The molecular basis of dopaminergic transmission: Identifying and Characterizing Cellular Adhesion Sites

Research Project

Project/Area Number	22KF0335
Project/Area Number (Other)	22F22386 (2022)
Research Category	Grant-in-Aid for JSPS Fellows
Allocation Type	Multi-year Fund (2023) Single-year Grants (2022)
Section	外国
Review Section	Basic Section 46010:Neuroscience-general-related
Research Institution	Keio University
Principal Investigator	柚崎通介慶應義塾大学, 医学部(信濃町), 教授 (40365226)
Co-Investigator(Kenkyū-buntansha)	DILINA TUERDE 慶應義塾大学, 医学部(信濃町), 外国人特別研究員
Project Period (FY)	2023-03-08 – 2025-03-31
Project Status	Granted (Fiscal Year 2023)
Budget Amount *help	¥2,300,000 (Direct Cost: ¥2,300,000) Fiscal Year 2024: ¥700,000 (Direct Cost: ¥700,000) Fiscal Year 2023: ¥1,100,000 (Direct Cost: ¥1,100,000) Fiscal Year 2022: ¥500,000 (Direct Cost: ¥500,000)
Keywords	ドーパミン / シナプス / 側坐核 / 背側被蓋野
Outline of Research at the Start	In the present study, I will investigate how dopaminergic pathways are formed to achieve their neurotransmission, focusing on the VTA-NAc mesolimbic dopaminergic pathway. I will accomplish three specific goals. First, I will characterize synaptic and non-synaptic contact sites along dopaminergic axons. Second, I will identify molecules involved in these contact sites. Finally, I will elucidate how synaptic and non-synaptic contact sites regulate dopaminergic functions. I expect to accomplish these goals and address long-standing questions in the mesolimbic dopaminergic pathway.

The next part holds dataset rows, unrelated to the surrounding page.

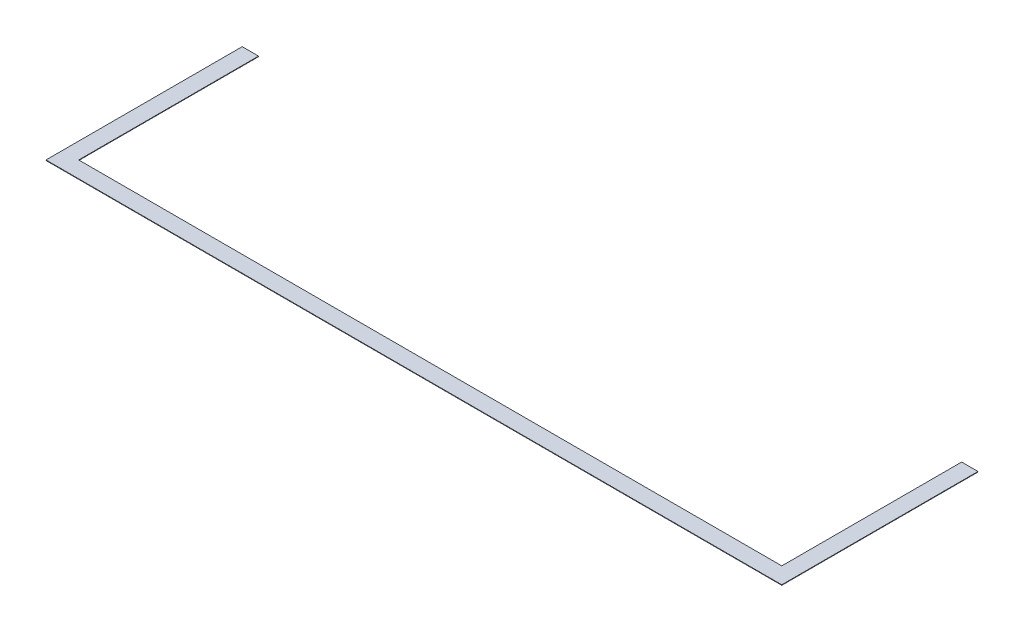
SolidWorks part; units mm, degrees
ref_plane "Front Plane" through (0, 0, 0) normal (0, 0, 1) x (1, 0, 0)
ref_plane "Top Plane" through (0, 0, 0) normal (0, 1, 0) x (1, 0, 0)
ref_plane "Right Plane" through (0, 0, 0) normal (1, 0, 0) x (0, 0, -1)
sketch "Sketch1" plane through (0, 0, 0) normal (0, 1, 0) x (1, 0, 0)
  line L0 (0, 0) -> (0, -609.6)
  line L1 (0, -609.6) -> (2286, -609.6)
  line L2 (2286, -609.6) -> (2286, 0)
  line L3 (2286, 0) -> (2235.2, 0)
  line L4 (2235.2, 0) -> (2235.2, -558.8)
  line L5 (2235.2, -558.8) -> (50.8, -558.8)
  line L6 (50.8, -558.8) -> (50.8, 0)
  line L7 (50.8, 0) -> (0, 0)
  line L8 (50.8, -558.8) -> (50.8, -609.6) construction
  dimension "D1" = 50.8
  dimension "D2" = 2286
  dimension "D3" = 609.6
extrude "Boss-Extrude1" add sketch "Sketch1" along normal blind 1.5875 contours L8 L6 L7 L0 L1 | L5 L8 L1 L2 L3 L4

Outline of Annual Research Achievements	In this study, I investigated how dopaminergic pathways are formed to achieve their neurotransmission focusing on the mesolimbic VTA-NAc pathway. To achieve this, I outlined three specific aims: Firstly, I aim to visualize and characterize cell-cell contact sites along the mesolimbic pathway using the GRAPHIC method. Secondly, I intend to identify the cell adhesion molecules involved in these contact sites. Finally, I aim to elucidate how these cell adhesion molecules regulate dopaminergic functions. Through these aims, my goal is to gain deeper insights into the intricate mechanisms underlying dopaminergic pathway formation and functions.
Current Status of Research Progress	Current Status of Research Progress 2: Research has progressed on the whole more than it was originally planned. Reason In 2023, I successfully visualized cell-cell contact sites along the mesolimbic pathway using the GRAPHIC method, employing both immunofluorescence and electron microscopy techniques. Through these approaches, I identified the cell adhesion molecules involved in the mesolimbic VTA-NAc pathway. These molecules were found at the contact sites between dopamine fibers and medium spiny neurons. Notably, their absence resulted in a reduced number of dopamine varicosities and VMAT2 expression. Additionally, I identified the receptors for these cell adhesion molecules on the medium spiny neurons. Knockout of the receptors revealed a similar dysfunction of dopamine fibers and a reduction in such cell adhesions. These findings provide significant insights into the role of these molecules in regulating dopamine transmission in the VTA-NAc pathway.
Strategy for Future Research Activity	To deepen our comprehension of the functional significance of these cell adhesion molecules within the VTA-NAc pathway, I intend to conduct conditional knockout experiments targeting these molecules to evaluate their impact on dopamine transmission and reward behaviors. Consequently, this study is expected to offer a comprehensive understanding of the molecular mechanisms governing the regulation of the dopaminergic system. Additionally, I intend to summarize the findings and submit them for publication in 2024.